Saved data entries
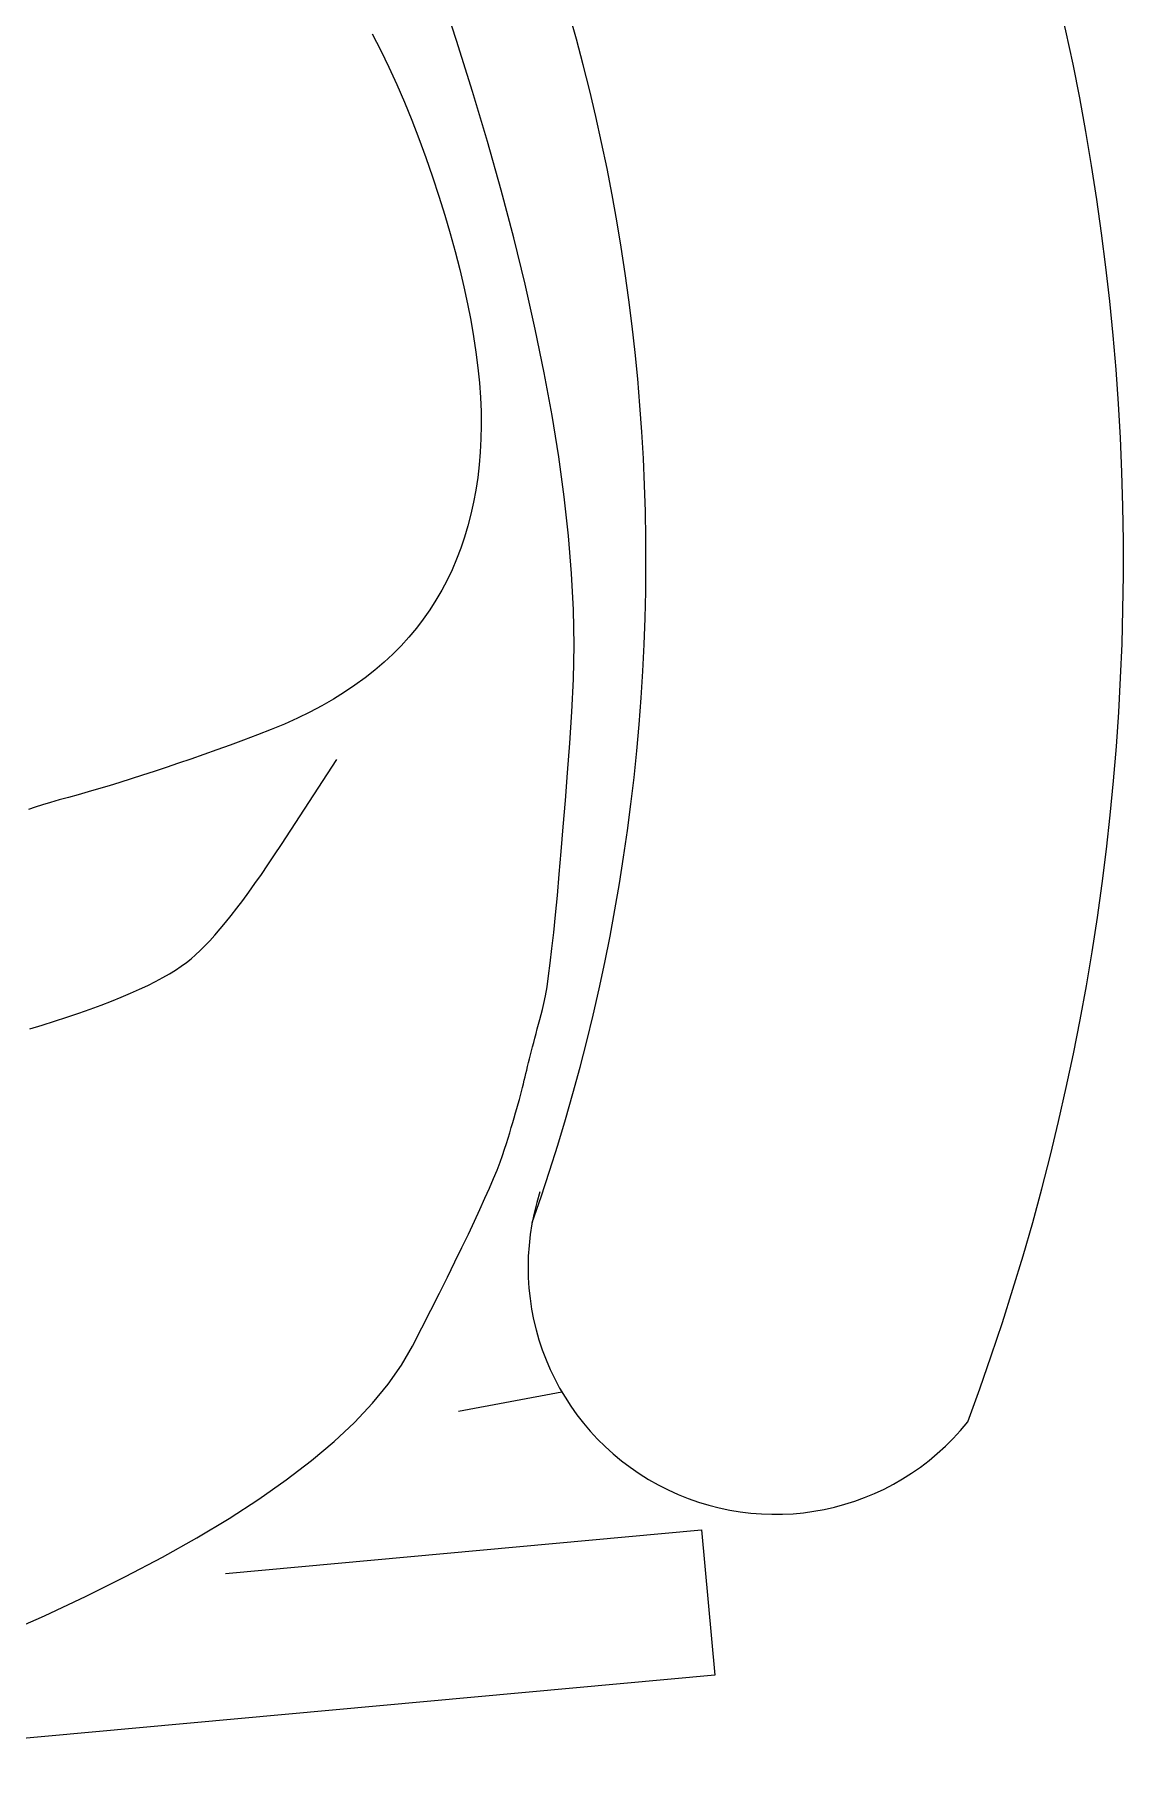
# Model space of a CAD drawing. Header units: metres. Extents: x -598 to 357, y -242 to 574.
# Drawn here: x -291.5503 to -291.328, y 59.3527 to 59.7057 of the extents above; entities that cross this region are included whole.
import ezdxf

# ---------------------------------------------------------------- set-up
doc = ezdxf.new("R2010")
doc.units = ezdxf.units.M
doc.layers.add('xref_Nivel PB$0$M-muebles', color=1, linetype='Continuous')

# ---------------------------------------------------------------- blocks, each defined once
blk = doc.blocks.new('xref_Nivel PB$0$xref_Nivel PB$0$XREF-NIVEL 3$0$2222')
at = {"layer": 'xref_Nivel PB$0$M-muebles', "linetype": 'Continuous'}
for p, q in [((-2032.230634081426, -1969.066143479409), (-2032.248838106988, -1968.867422879408)), ((-2032.222479509306, -1968.920323938027), (-2032.218482146221, -1968.929306486295)), ((-2032.098715948602, -1968.926330698541), (-2032.097968338963, -1968.928793083732)), ((-2032.053447040937, -1968.92739104983), (-2032.053902401628, -1968.926039101739)), ((-2032.218482146221, -1968.929306486295), (-2032.214496186151, -1968.937806273781)), ((-2032.097968338963, -1968.928793083732), (-2032.09715841745, -1968.93134331669)), ((-2032.052977321702, -1968.92887943044), (-2032.053447040937, -1968.92739104983)), ((-2032.052488886718, -1968.93050525093), (-2032.052977321702, -1968.92887943044)), ((-2032.09715841745, -1968.93134331669), (-2032.096322680472, -1968.933881157644)), ((-2032.051986093191, -1968.93226750394), (-2032.052488886718, -1968.93050525093)), ((-2032.051464349669, -1968.934168169006), (-2032.051986093191, -1968.93226750394)), ((-2032.096322680472, -1968.933881157644), (-2032.095490655324, -1968.936313945171)), ((-2032.095490655324, -1968.936313945171), (-2032.09466596128, -1968.938639465485)), ((-2032.050920856268, -1968.936163369478), (-2032.051464349669, -1968.934168169006)), ((-2032.050341955279, -1968.938215870062), (-2032.050920856268, -1968.936163369478)), ((-2032.214496186151, -1968.937806273781), (-2032.210517271891, -1968.945824307848)), ((-2032.09466596128, -1968.938639465485), (-2032.093844744817, -1968.940860904551)), ((-2032.049731500228, -1968.940322484794), (-2032.050341955279, -1968.938215870062)), ((-2032.049084665413, -1968.942486165391), (-2032.049731500228, -1968.940322484794)), ((-2032.093844744817, -1968.940860904551), (-2032.093031093706, -1968.942974104227)), ((-2032.093031093706, -1968.942974104227), (-2032.092221154425, -1968.944982250477)), ((-2032.048406276536, -1968.944703960135), (-2032.049084665413, -1968.942486165391)), ((-2032.210517271891, -1968.945824307848), (-2032.206548788468, -1968.953359346887)), ((-2032.092221154425, -1968.944982250477), (-2032.091417339823, -1968.946883867442)), ((-2032.091417339823, -1968.946883867442), (-2032.090617237051, -1968.948680430983)), ((-2032.047693452248, -1968.94697928924), (-2032.048406276536, -1968.944703960135)), ((-2032.046947633224, -1968.9493104426), (-2032.047693452248, -1968.94697928924)), ((-2032.090617237051, -1968.948680430983), (-2032.089825671807, -1968.950368989381)), ((-2032.089825671807, -1968.950368989381), (-2032.089036846216, -1968.951952260105)), ((-2032.04616687511, -1968.951696951717), (-2032.046947633224, -1968.9493104426)), ((-2032.206548788468, -1968.953359346887), (-2032.202588323032, -1968.960412866756)), ((-2032.089036846216, -1968.951952260105), (-2032.08825511748, -1968.953429235794)), ((-2032.08825511748, -1968.953429235794), (-2032.087477100575, -1968.954801158057)), ((-2032.087477100575, -1968.954801158057), (-2032.086706414774, -1968.956065813107)), ((-2032.045354562932, -1968.954137574983), (-2032.04616687511, -1968.951696951717)), ((-2032.044506843168, -1968.95663549836), (-2032.045354562932, -1968.954137574983)), ((-2032.086706414774, -1968.956065813107), (-2032.08593967505, -1968.957224442554)), ((-2032.08593967505, -1968.957224442554), (-2032.085179060005, -1968.958276542717)), ((-2032.085179060005, -1968.958276542717), (-2032.084422156789, -1968.959223589455)), ((-2032.043627100844, -1968.95918948024), (-2032.044506843168, -1968.95663549836)), ((-2032.202588323032, -1968.960412866756), (-2032.198637316257, -1968.966983157348)), ((-2032.084422156789, -1968.959223589455), (-2032.083626120204, -1968.960132405583)), ((-2032.083626120204, -1968.960132405583), (-2032.08274183868, -1968.961074475742)), ((-2032.08274183868, -1968.961074475742), (-2032.081768574286, -1968.962048593507)), ((-2032.04271241943, -1968.961798817878), (-2032.043627100844, -1968.95918948024)), ((-2032.041765949705, -1968.964463241843), (-2032.04271241943, -1968.961798817878)), ((-2032.081768574286, -1968.962048593507), (-2032.080706092775, -1968.963055731054)), ((-2032.080706092775, -1968.963055731054), (-2032.079555600573, -1968.964095150456)), ((-2032.079555600573, -1968.964095150456), (-2032.078317097678, -1968.96516685171)), ((-2032.078317097678, -1968.96516685171), (-2032.076989611914, -1968.966270600571)), ((-2032.040783334464, -1968.967183759494), (-2032.041765949705, -1968.964463241843)), ((-2032.209875500168, -1968.966238259097), (-2032.200972480114, -1969.063426294837)), ((-2032.198637316257, -1968.966983157348), (-2032.194695299645, -1968.973072163016)), ((-2032.076989611914, -1968.966270600571), (-2032.075572909033, -1968.967407369214)), ((-2032.075572909033, -1968.967407369214), (-2032.074070374062, -1968.968575916029)), ((-2032.074070374062, -1968.968575916029), (-2032.072477649796, -1968.969777248379)), ((-2032.039768696663, -1968.969960335646), (-2032.040783334464, -1968.967183759494)), ((-2032.072477649796, -1968.969777248379), (-2032.070796914839, -1968.971010862583)), ((-2032.070796914839, -1968.971010862583), (-2032.069026962764, -1968.972277496569)), ((-2032.069026962764, -1968.972277496569), (-2032.067169972176, -1968.973576646656)), ((-2032.038719119773, -1968.972792267558), (-2032.039768696663, -1968.969960335646)), ((-2032.194695299645, -1968.973072163016), (-2032.190763713871, -1968.978678173657)), ((-2032.067169972176, -1968.973576646656), (-2032.06522302654, -1968.974907610102)), ((-2032.06522302654, -1968.974907610102), (-2032.063188070213, -1968.976270855401)), ((-2032.037630081757, -1968.975604405037), (-2032.038719119773, -1968.972792267558)), ((-2032.0364869055, -1968.978325322721), (-2032.037630081757, -1968.975604405037)), ((-2032.190763713871, -1968.978678173657), (-2032.186840146084, -1968.983802665126)), ((-2032.063188070213, -1968.976270855401), (-2032.061064868945, -1968.97766735473)), ((-2032.061064868945, -1968.97766735473), (-2032.043728153027, -1968.988964588073)), ((-2032.035293444524, -1968.980951834648), (-2032.0364869055, -1968.978325322721)), ((-2032.034047051733, -1968.98348638885), (-2032.035293444524, -1968.980951834648)), ((-2032.186840146084, -1968.983802665126), (-2032.182926036956, -1968.988443927319)), ((-2032.032751112152, -1968.985927743721), (-2032.034047051733, -1968.98348638885)), ((-2032.031402475004, -1968.988276168692), (-2032.032751112152, -1968.985927743721)), ((-2032.182926036956, -1968.988443927319), (-2032.179020683746, -1968.992604876766)), ((-2032.030003318888, -1968.990531160081), (-2032.031402475004, -1968.988276168692)), ((-2032.179020683746, -1968.992604876766), (-2032.175125023443, -1968.996281624759)), ((-2032.028550258781, -1968.992693959499), (-2032.030003318888, -1968.990531160081)), ((-2032.027048858309, -1968.994762821656), (-2032.028550258781, -1968.992693959499)), ((-2032.175125023443, -1968.996281624759), (-2032.171237381128, -1968.999476853582)), ((-2032.02549452602, -1968.996739726088), (-2032.027048858309, -1968.994762821656)), ((-2032.023888702588, -1968.998622962692), (-2032.02549452602, -1968.996739726088)), ((-2031.8956273132, -1968.9962355641), (-2031.898985409631, -1968.997948860734)), ((-2032.171237381128, -1968.999476853582), (-2032.167359935402, -1969.002190059553)), ((-2032.022231153766, -1969.000413503645), (-2032.023888702588, -1968.998622962692)), ((-2032.020524292403, -1969.002109873087), (-2032.022231153766, -1969.000413503645)), ((-2031.90242433653, -1968.999612716133), (-2031.905946740992, -1969.001224682262)), ((-2031.898985409631, -1968.997948860734), (-2031.90242433653, -1968.999612716133)), ((-2032.167359935402, -1969.002190059553), (-2032.163489535487, -1969.004421512105)), ((-2032.018763292798, -1969.003715022735), (-2032.020524292403, -1969.002109873087)), ((-2032.016952008475, -1969.005225766625), (-2032.018763292798, -1969.003715022735)), ((-2031.913238632768, -1969.004298311279), (-2031.91700812008, -1969.005759974166)), ((-2031.909549975921, -1969.002787207157), (-2031.913238632768, -1969.004298311279)), ((-2031.905946740992, -1969.001224682262), (-2031.909549975921, -1969.002787207157)), ((-2032.163489535487, -1969.004421512105), (-2032.159710493244, -1969.006359191316)), ((-2032.159710493244, -1969.006359191316), (-2032.156099413491, -1969.008197449193)), ((-2032.015087792336, -1969.006644552792), (-2032.016952008475, -1969.005225766625)), ((-2032.013174568273, -1969.007976441183), (-2032.015087792336, -1969.006644552792)), ((-2031.920861084959, -1969.007169747784), (-2031.924794880303, -1969.008530080167)), ((-2031.91700812008, -1969.005759974166), (-2031.920861084959, -1969.007169747784)), ((-2032.156099413491, -1969.008197449193), (-2032.152658205397, -1969.009932631274)), ((-2032.152658205397, -1969.009932631274), (-2032.149384221865, -1969.011567185596)), ((-2032.011208517949, -1969.009228740717), (-2032.013174568273, -1969.007976441183)), ((-2032.009191819966, -1969.010400947715), (-2032.011208517949, -1969.009228740717)), ((-2032.00712303365, -1969.01149477228), (-2032.009191819966, -1969.010400947715)), ((-2031.932591851066, -1969.011018747462), (-2031.936371922955, -1969.012129115649)), ((-2031.928733641131, -1969.009818577016), (-2031.932591851066, -1969.011018747462)), ((-2031.924794880303, -1969.008530080167), (-2031.928733641131, -1969.009818577016)), ((-2031.896963729497, -1969.013430020459), (-2031.886672958311, -1969.010093598214)), ((-2032.176750356931, -1969.013862838091), (-2032.172768004157, -1969.03490886033)), ((-2032.149384221865, -1969.011567185596), (-2032.14628084792, -1969.013099870548)), ((-2032.14628084792, -1969.013099870548), (-2032.143344932786, -1969.014530955563)), ((-2032.143344932786, -1969.014530955563), (-2032.140578655062, -1969.01585993696)), ((-2032.005003599675, -1969.012508504307), (-2032.00712303365, -1969.01149477228)), ((-2032.002832311614, -1969.013442881726), (-2032.005003599675, -1969.012508504307)), ((-2032.000610141647, -1969.014298138784), (-2032.002832311614, -1969.013442881726)), ((-2031.998335145418, -1969.015073806985), (-2032.000610141647, -1969.014298138784)), ((-2031.94369232322, -1969.014081218355), (-2031.947233623771, -1969.014923187122)), ((-2031.940070471774, -1969.013150923185), (-2031.94369232322, -1969.014081218355)), ((-2031.936371922955, -1969.012129115649), (-2031.940070471774, -1969.013150923185)), ((-2031.907409040668, -1969.016714189539), (-2031.896963729497, -1969.013430020459)), ((-2032.140578655062, -1969.01585993696), (-2032.137979601899, -1969.017088290597)), ((-2032.137979601899, -1969.017088290597), (-2032.135552364749, -1969.018214036935)), ((-2032.135552364749, -1969.018214036935), (-2032.133291379984, -1969.019238921266)), ((-2031.996010707955, -1969.01576864472), (-2031.998335145418, -1969.015073806985)), ((-2031.993634182159, -1969.016385100023), (-2031.996010707955, -1969.01576864472)), ((-2031.991206036526, -1969.01692122854), (-2031.993634182159, -1969.016385100023)), ((-2031.988725802561, -1969.017378974625), (-2031.991206036526, -1969.01692122854)), ((-2031.986196127361, -1969.017755890245), (-2031.988725802561, -1969.017378974625)), ((-2031.983613391652, -1969.018054189185), (-2031.986196127361, -1969.017755890245)), ((-2031.980980008283, -1969.018272395585), (-2031.983613391652, -1969.018054189185)), ((-2031.978294536583, -1969.018412219556), (-2031.980980008283, -1969.018272395585)), ((-2031.975546481667, -1969.018465989233), (-2031.978294536583, -1969.018412219556)), ((-2031.969808449717, -1969.018305398602), (-2031.972716903679, -1969.018431198261)), ((-2031.966820417038, -1969.018091506791), (-2031.969808449717, -1969.018305398602)), ((-2031.963755452738, -1969.017787074789), (-2031.966820417038, -1969.018091506791)), ((-2031.960608965368, -1969.017394082137), (-2031.963755452738, -1969.017787074789)), ((-2031.957383602023, -1969.016910080801), (-2031.960608965368, -1969.017394082137)), ((-2031.95407865996, -1969.01633798731), (-2031.957383602023, -1969.016910080801)), ((-2031.950696786278, -1969.01567535363), (-2031.95407865996, -1969.01633798731)), ((-2031.947233623771, -1969.014923187122), (-2031.950696786278, -1969.01567535363)), ((-2031.917603457928, -1969.019758925443), (-2031.907409040668, -1969.016714189539)), ((-2032.133291379984, -1969.019238921266), (-2032.131201004806, -1969.020161936226)), ((-2032.131201004806, -1969.020161936226), (-2032.12927785419, -1969.020984323426)), ((-2032.12927785419, -1969.020984323426), (-2032.127524340984, -1969.021704607009)), ((-2032.127524340984, -1969.021704607009), (-2032.125939258766, -1969.022323524902)), ((-2031.972716903679, -1969.018431198261), (-2031.975546481667, -1969.018465989233)), ((-2031.927547918269, -1969.022560339464), (-2031.917603457928, -1969.019758925443)), ((-2032.125939258766, -1969.022323524902), (-2032.124523813958, -1969.022840339178)), ((-2032.124523813958, -1969.022840339178), (-2032.123275593711, -1969.023256525693)), ((-2032.123275593711, -1969.023256525693), (-2032.122128982587, -1969.023613876962)), ((-2032.122128982587, -1969.023613876962), (-2032.121012098772, -1969.023958847318)), ((-2032.121012098772, -1969.023958847318), (-2032.119924942269, -1969.024291436761)), ((-2032.119924942269, -1969.024291436761), (-2032.1188665409, -1969.024611411044)), ((-2032.1188665409, -1969.024611411044), (-2032.117839307515, -1969.024917294308)), ((-2032.117839307515, -1969.024917294308), (-2032.11684180144, -1969.025210796659)), ((-2032.11684180144, -1969.025210796659), (-2032.115874022675, -1969.025491918098)), ((-2031.946682177682, -1969.027440276529), (-2031.937239540347, -1969.025121851814)), ((-2031.937239540347, -1969.025121851814), (-2031.927547918269, -1969.022560339464)), ((-2032.115874022675, -1969.025491918098), (-2032.114935233293, -1969.0257594522)), ((-2032.114935233293, -1969.0257594522), (-2032.114029322, -1969.026014335956)), ((-2032.114029322, -1969.026014335956), (-2032.113151193663, -1969.026256370303)), ((-2032.113151193663, -1969.026256370303), (-2032.112303026886, -1969.02648505156)), ((-2032.112303026886, -1969.02648505156), (-2032.111484587419, -1969.026701351906)), ((-2032.111484587419, -1969.026701351906), (-2032.110698053865, -1969.026904767657)), ((-2032.110698053865, -1969.026904767657), (-2032.109939537515, -1969.027094361823)), ((-2032.109939537515, -1969.027094361823), (-2032.109211720654, -1969.027271809324)), ((-2032.109211720654, -1969.027271809324), (-2032.108512658926, -1969.027436641665)), ((-2032.108512658926, -1969.027436641665), (-2032.107819629322, -1969.027597784361)), ((-2032.107819629322, -1969.027597784361), (-2032.107103876709, -1969.027767852573)), ((-2032.107103876709, -1969.027767852573), (-2032.10636684176, -1969.027945136196)), ((-2032.10636684176, -1969.027945136196), (-2032.105605877375, -1969.028132083264)), ((-2032.105605877375, -1969.028132083264), (-2032.104824837079, -1969.028325507814)), ((-2032.104824837079, -1969.028325507814), (-2032.10401986735, -1969.028528595808)), ((-2032.10401986735, -1969.028528595808), (-2032.103193615283, -1969.028738899214)), ((-2032.103193615283, -1969.028738899214), (-2032.10234366803, -1969.028957893888)), ((-2032.10234366803, -1969.028957893888), (-2032.101474382794, -1969.029184572468)), ((-2031.955873183177, -1969.029518061643), (-2031.946682177682, -1969.027440276529)), ((-2032.101474382794, -1969.029184572468), (-2032.100580430195, -1969.029419708069)), ((-2032.100580430195, -1969.029419708069), (-2032.099666167437, -1969.029662293328)), ((-2032.099666167437, -1969.029662293328), (-2032.098728209492, -1969.029913569856)), ((-2032.098728209492, -1969.029913569856), (-2032.097769941387, -1969.030172296042)), ((-2032.097769941387, -1969.030172296042), (-2032.096787978095, -1969.030439713496)), ((-2032.096787978095, -1969.030439713496), (-2032.095785470396, -1969.030715552785)), ((-2032.095785470396, -1969.030715552785), (-2032.094758295334, -1969.030999849095)), ((-2032.094758295334, -1969.030999849095), (-2032.093550249096, -1969.031291995097)), ((-2032.093550249096, -1969.031291995097), (-2032.091995710718, -1969.031596314716)), ((-2032.091995710718, -1969.031596314716), (-2032.090097327298, -1969.03191035992)), ((-2032.090097327298, -1969.03191035992), (-2032.087852451738, -1969.032236578741)), ((-2032.087852451738, -1969.032236578741), (-2032.085263731135, -1969.032572523146)), ((-2031.973502442067, -1969.032947086433), (-2031.964813997506, -1969.031353497051)), ((-2031.964813997506, -1969.031353497051), (-2031.955873183177, -1969.029518061643)), ((-2032.085263731135, -1969.032572523146), (-2032.082328518393, -1969.032920641167)), ((-2032.082328518393, -1969.032920641167), (-2032.079048488431, -1969.033278250525)), ((-2032.079048488431, -1969.033278250525), (-2032.07542196633, -1969.033648033501)), ((-2032.07542196633, -1969.033648033501), (-2032.071452805612, -1969.034026804131)), ((-2032.071452805612, -1969.034026804131), (-2032.067137152753, -1969.03441774838)), ((-2032.067137152753, -1969.03441774838), (-2032.062477420605, -1969.034819390388)), ((-2032.062477420605, -1969.034819390388), (-2032.057471196316, -1969.035233206014)), ((-2032.057471196316, -1969.035233206014), (-2032.052121361233, -1969.035655775047)), ((-2032.052121361233, -1969.035655775047), (-2032.046425034011, -1969.036090517697)), ((-2031.998069076782, -1969.036276403441), (-2031.99013143997, -1969.035408891)), ((-2031.99013143997, -1969.035408891), (-2031.981942874062, -1969.034297822428)), ((-2031.981942874062, -1969.034297822428), (-2031.973502442067, -1969.032947086433)), ((-2032.046425034011, -1969.036090517697), (-2032.040383655321, -1969.03653572386)), ((-2032.040383655321, -1969.03653572386), (-2032.033996018739, -1969.036992131465)), ((-2032.033996018739, -1969.036992131465), (-2032.027312453354, -1969.037331975167)), ((-2032.027312453354, -1969.037331975167), (-2032.020378228307, -1969.037431413517)), ((-2032.020378228307, -1969.037431413517), (-2032.013192839915, -1969.037288267912)), ((-2032.013192839915, -1969.037288267912), (-2032.005756053932, -1969.036903510529)), ((-2032.005756053932, -1969.036903510529), (-2031.998069076782, -1969.036276403441)), ((-2032.200972480114, -1969.063426294837), (-2032.230634081426, -1969.066143479409))]:
    blk.add_line(p, q, dxfattribs=at)
for centre, radius, start, end in [((-2032.00301159643, -1968.647078799967), 0.4050355442202765, 250.4966971302977, 299.9713760331598), ((-2032.147361908789, -1969.07847423807), 0.05043224979579306, 72.20597382700154, 231.2594289017718), ((-2032.00301159643, -1968.647078799967), 0.5025267232003887, 249.5094941074308, 300.958579056018)]:
    blk.add_arc(centre, radius, start, end, dxfattribs=at)

msp = doc.modelspace()

# ---------------------------------------------------------------- block references
at = {"layer": 'xref_Nivel PB$0$M-muebles', "color": 8, "rotation": 90.00000000000001}
msp.add_blockref('xref_Nivel PB$0$xref_Nivel PB$0$XREF-NIVEL 3$0$2222', (-2260.477558052065, 2091.601515540732), dxfattribs=at)

doc.saveas('drawing.dxf')

▶ _Problem requirements_: Read the entries above and find each line holding the word "centre". Copy it out.

▶ _Response_:
for centre, radius, start, end in [((-2032.00301159643, -1968.647078799967), 0.4050355442202765, 250.4966971302977, 299.9713760331598), ((-2032.147361908789, -1969.07847423807), 0.05043224979579306, 72.20597382700154, 231.2594289017718), ((-2032.00301159643, -1968.647078799967), 0.5025267232003887, 249.5094941074308, 300.958579056018)]:
    blk.add_arc(centre, radius, start, end, dxfattribs=at)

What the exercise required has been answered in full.